Lin Ziyu, Duan Jingliang, Li Shengbo Eben, Ma Haitong, Li Jie, Chen Jianyu, Cheng Bo, Ma Jun
IEEE Trans Neural Netw Learn Syst. 2023 Sep;34(9):5255-5267. doi: 10.1109/TNNLS.2022.3225090. Epub 2023 Sep 1.
The Hamilton-Jacobi-Bellman (HJB) equation serves as the necessary and sufficient condition for the optimal solution to the continuous-time (CT) optimal control problem (OCP). Compared with the infinite-horizon HJB equation, the solving of the finite-horizon (FH) HJB equation has been a long-standing challenge, because the partial time derivative of the value function is involved as an additional unknown term. To address this problem, this study first-time bridges the link between the partial time derivative and the terminal-time utility function, and thus it facilitates the use of the policy iteration (PI) technique to solve the CT FH OCPs. Based on this key finding, the FH approximate dynamic programming (ADP) algorithm is proposed leveraging an actor-critic framework. It is shown that the algorithm exhibits important properties in terms of convergence and optimality. Rather importantly, with the use of multilayer neural networks (NNs) in the actor-critic architecture, the algorithm is suitable for CT FH OCPs toward more general nonlinear and complex systems. Finally, the effectiveness of the proposed algorithm is demonstrated by conducting a series of simulations on both a linear quadratic regulator (LQR) problem and a nonlinear vehicle tracking problem.

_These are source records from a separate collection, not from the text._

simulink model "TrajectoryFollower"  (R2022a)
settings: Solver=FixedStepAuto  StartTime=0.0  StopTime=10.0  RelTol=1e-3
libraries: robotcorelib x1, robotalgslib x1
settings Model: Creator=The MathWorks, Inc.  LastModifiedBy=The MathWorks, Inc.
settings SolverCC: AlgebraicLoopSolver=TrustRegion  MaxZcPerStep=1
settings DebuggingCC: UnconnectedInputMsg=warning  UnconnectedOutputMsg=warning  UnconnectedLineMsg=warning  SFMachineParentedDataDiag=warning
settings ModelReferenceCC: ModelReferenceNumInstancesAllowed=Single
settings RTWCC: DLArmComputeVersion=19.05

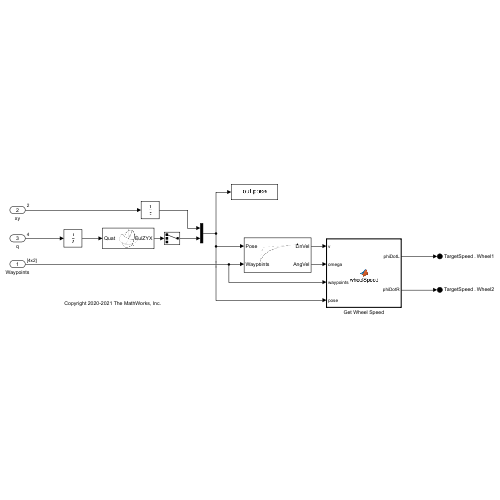
[thumbnail: Simulink's stored preview of the top-level diagram]
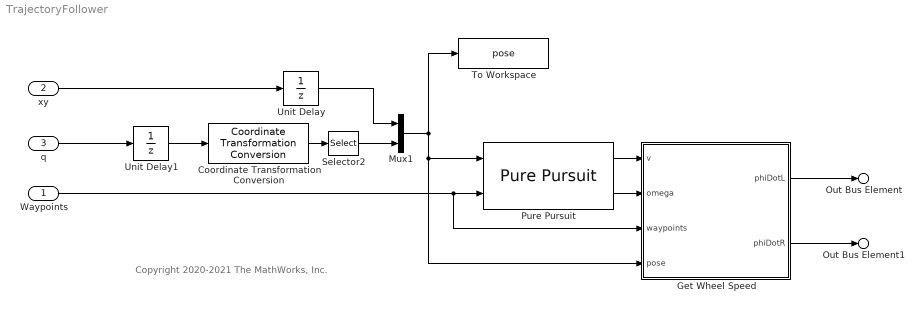
== system TrajectoryFollower ==
  note: Copyright 2020-2021 The MathWorks, Inc.
  Waypoints : Inport  PortDimensions=[4,2]
  xy : Inport  Port=2  PortDimensions=2  SampleTime=0.001
  q : Inport  Port=3  PortDimensions=4  SampleTime=0.001
  Coordinate Transformation Conversion : robotcorelib/Coordinate Transformation Conversion  InputRepresentation=Quaternion  InputEulerSequence=ZYX  ShowTrVecInputPort=on  OutputRepresentation=Euler Angles  OutputEulerSequence=ZYX  ShowTrVecOutputPort=on  SimulateUsing=Code generation
      settings: SourceProductBaseCode=RO,NV,RR,UV
  Get Wheel Speed : MATLAB Function  TreatAsAtomicUnit=on
  Mux1 : Mux  Inputs=2
  Pure Pursuit : robotalgslib/Pure Pursuit  DesiredLinearVelocity=0.5  MaxAngularVelocity=pi/2  LookaheadDistance=0.5  TargetDirPort=off  SimulateUsing=Code generation
  Selector2 : Selector  InputPortWidth=3  IndexOptions=Index vector (dialog)  Indices=1  OutputSizes=1
  To Workspace : ToWorkspace  VariableName=pose  SaveFormat=Timeseries  SampleTime=-1
  Unit Delay : UnitDelay  InitialCondition=[0 0]  SampleTime=-1  HasFrameUpgradeWarning=on
  Unit Delay1 : UnitDelay  InitialCondition=[1 0 0 0]  SampleTime=-1  HasFrameUpgradeWarning=on
  Out Bus Element : Outport  PortName=TargetSpeed  Element=Wheel1
  Out Bus Element1 : Outport  PortName=TargetSpeed  Element=Wheel2
  wires:
  Get Wheel Speed/1(phiDotL) -> Out Bus Element/1
  Coordinate Transformation Conversion/1 -> Selector2/1
  Pure Pursuit/2 -> Get Wheel Speed/2(omega)
  Pure Pursuit/1 -> Get Wheel Speed/1(v)
  Get Wheel Speed/2(phiDotR) -> Out Bus Element1/1
  Unit Delay1/1 -> Coordinate Transformation Conversion/1
  xy/1 -> Unit Delay/1
  Mux1/1 -> Get Wheel Speed/4(pose), Pure Pursuit/1, To Workspace/1
  Selector2/1 -> Mux1/2
  Unit Delay/1 -> Mux1/1
  q/1 -> Unit Delay1/1
  Waypoints/1 -> Get Wheel Speed/3(waypoints), Pure Pursuit/2

== matlab function TrajectoryFollower/Get Wheel Speed ==
  data: v input; omega input; waypoints input; pose input; phiDotL output; phiDotR output
function [phiDotL, phiDotR] = wheelSpeed(v, omega, waypoints, pose)

% Path constants
stopThreshold = 0.1;
slowThreshold = 0.2;

% Robot constants 
trackWidth = 0.3;
wheelRadius = 0.1;

% Slow the robot down when it's near the threshold
distanceToEndpoint = norm(waypoints(end, :) - pose(1:2)');
if (distanceToEndpoint < slowThreshold)
    v = distanceToEndpoint/slowThreshold*v;
    
    % Stop the robot if it's inside the target threshold
    if distanceToEndpoint < stopThreshold
        v = 0;
    end
end

% Convert velocity and heading angular velocity to wheel speeds
phiDotL = (v - trackWidth/2*omega)/wheelRadius;
phiDotR = (v + trackWidth/2*omega)/wheelRadius;

end

哈密顿 - 雅可比 - 贝尔曼(HJB)方程是连续时间(CT)最优控制问题(OCP)最优解的充要条件。与无限时域HJB方程相比,有限时域(FH)HJB方程的求解一直是一个长期存在的挑战,因为价值函数的偏时间导数作为一个额外的未知项被涉及。为了解决这个问题,本研究首次在偏时间导数和终端时间效用函数之间建立了联系,从而便于使用策略迭代(PI)技术来求解CT FH OCP。基于这一关键发现,利用演员 - 评论家框架提出了FH近似动态规划(ADP)算法。结果表明,该算法在收敛性和最优性方面具有重要性质。更重要的是,通过在演员 - 评论家架构中使用多层神经网络(NN),该算法适用于更一般的非线性和复杂系统的CT FH OCP。最后,通过对线性二次调节器(LQR)问题和非线性车辆跟踪问题进行一系列仿真,验证了所提算法的有效性。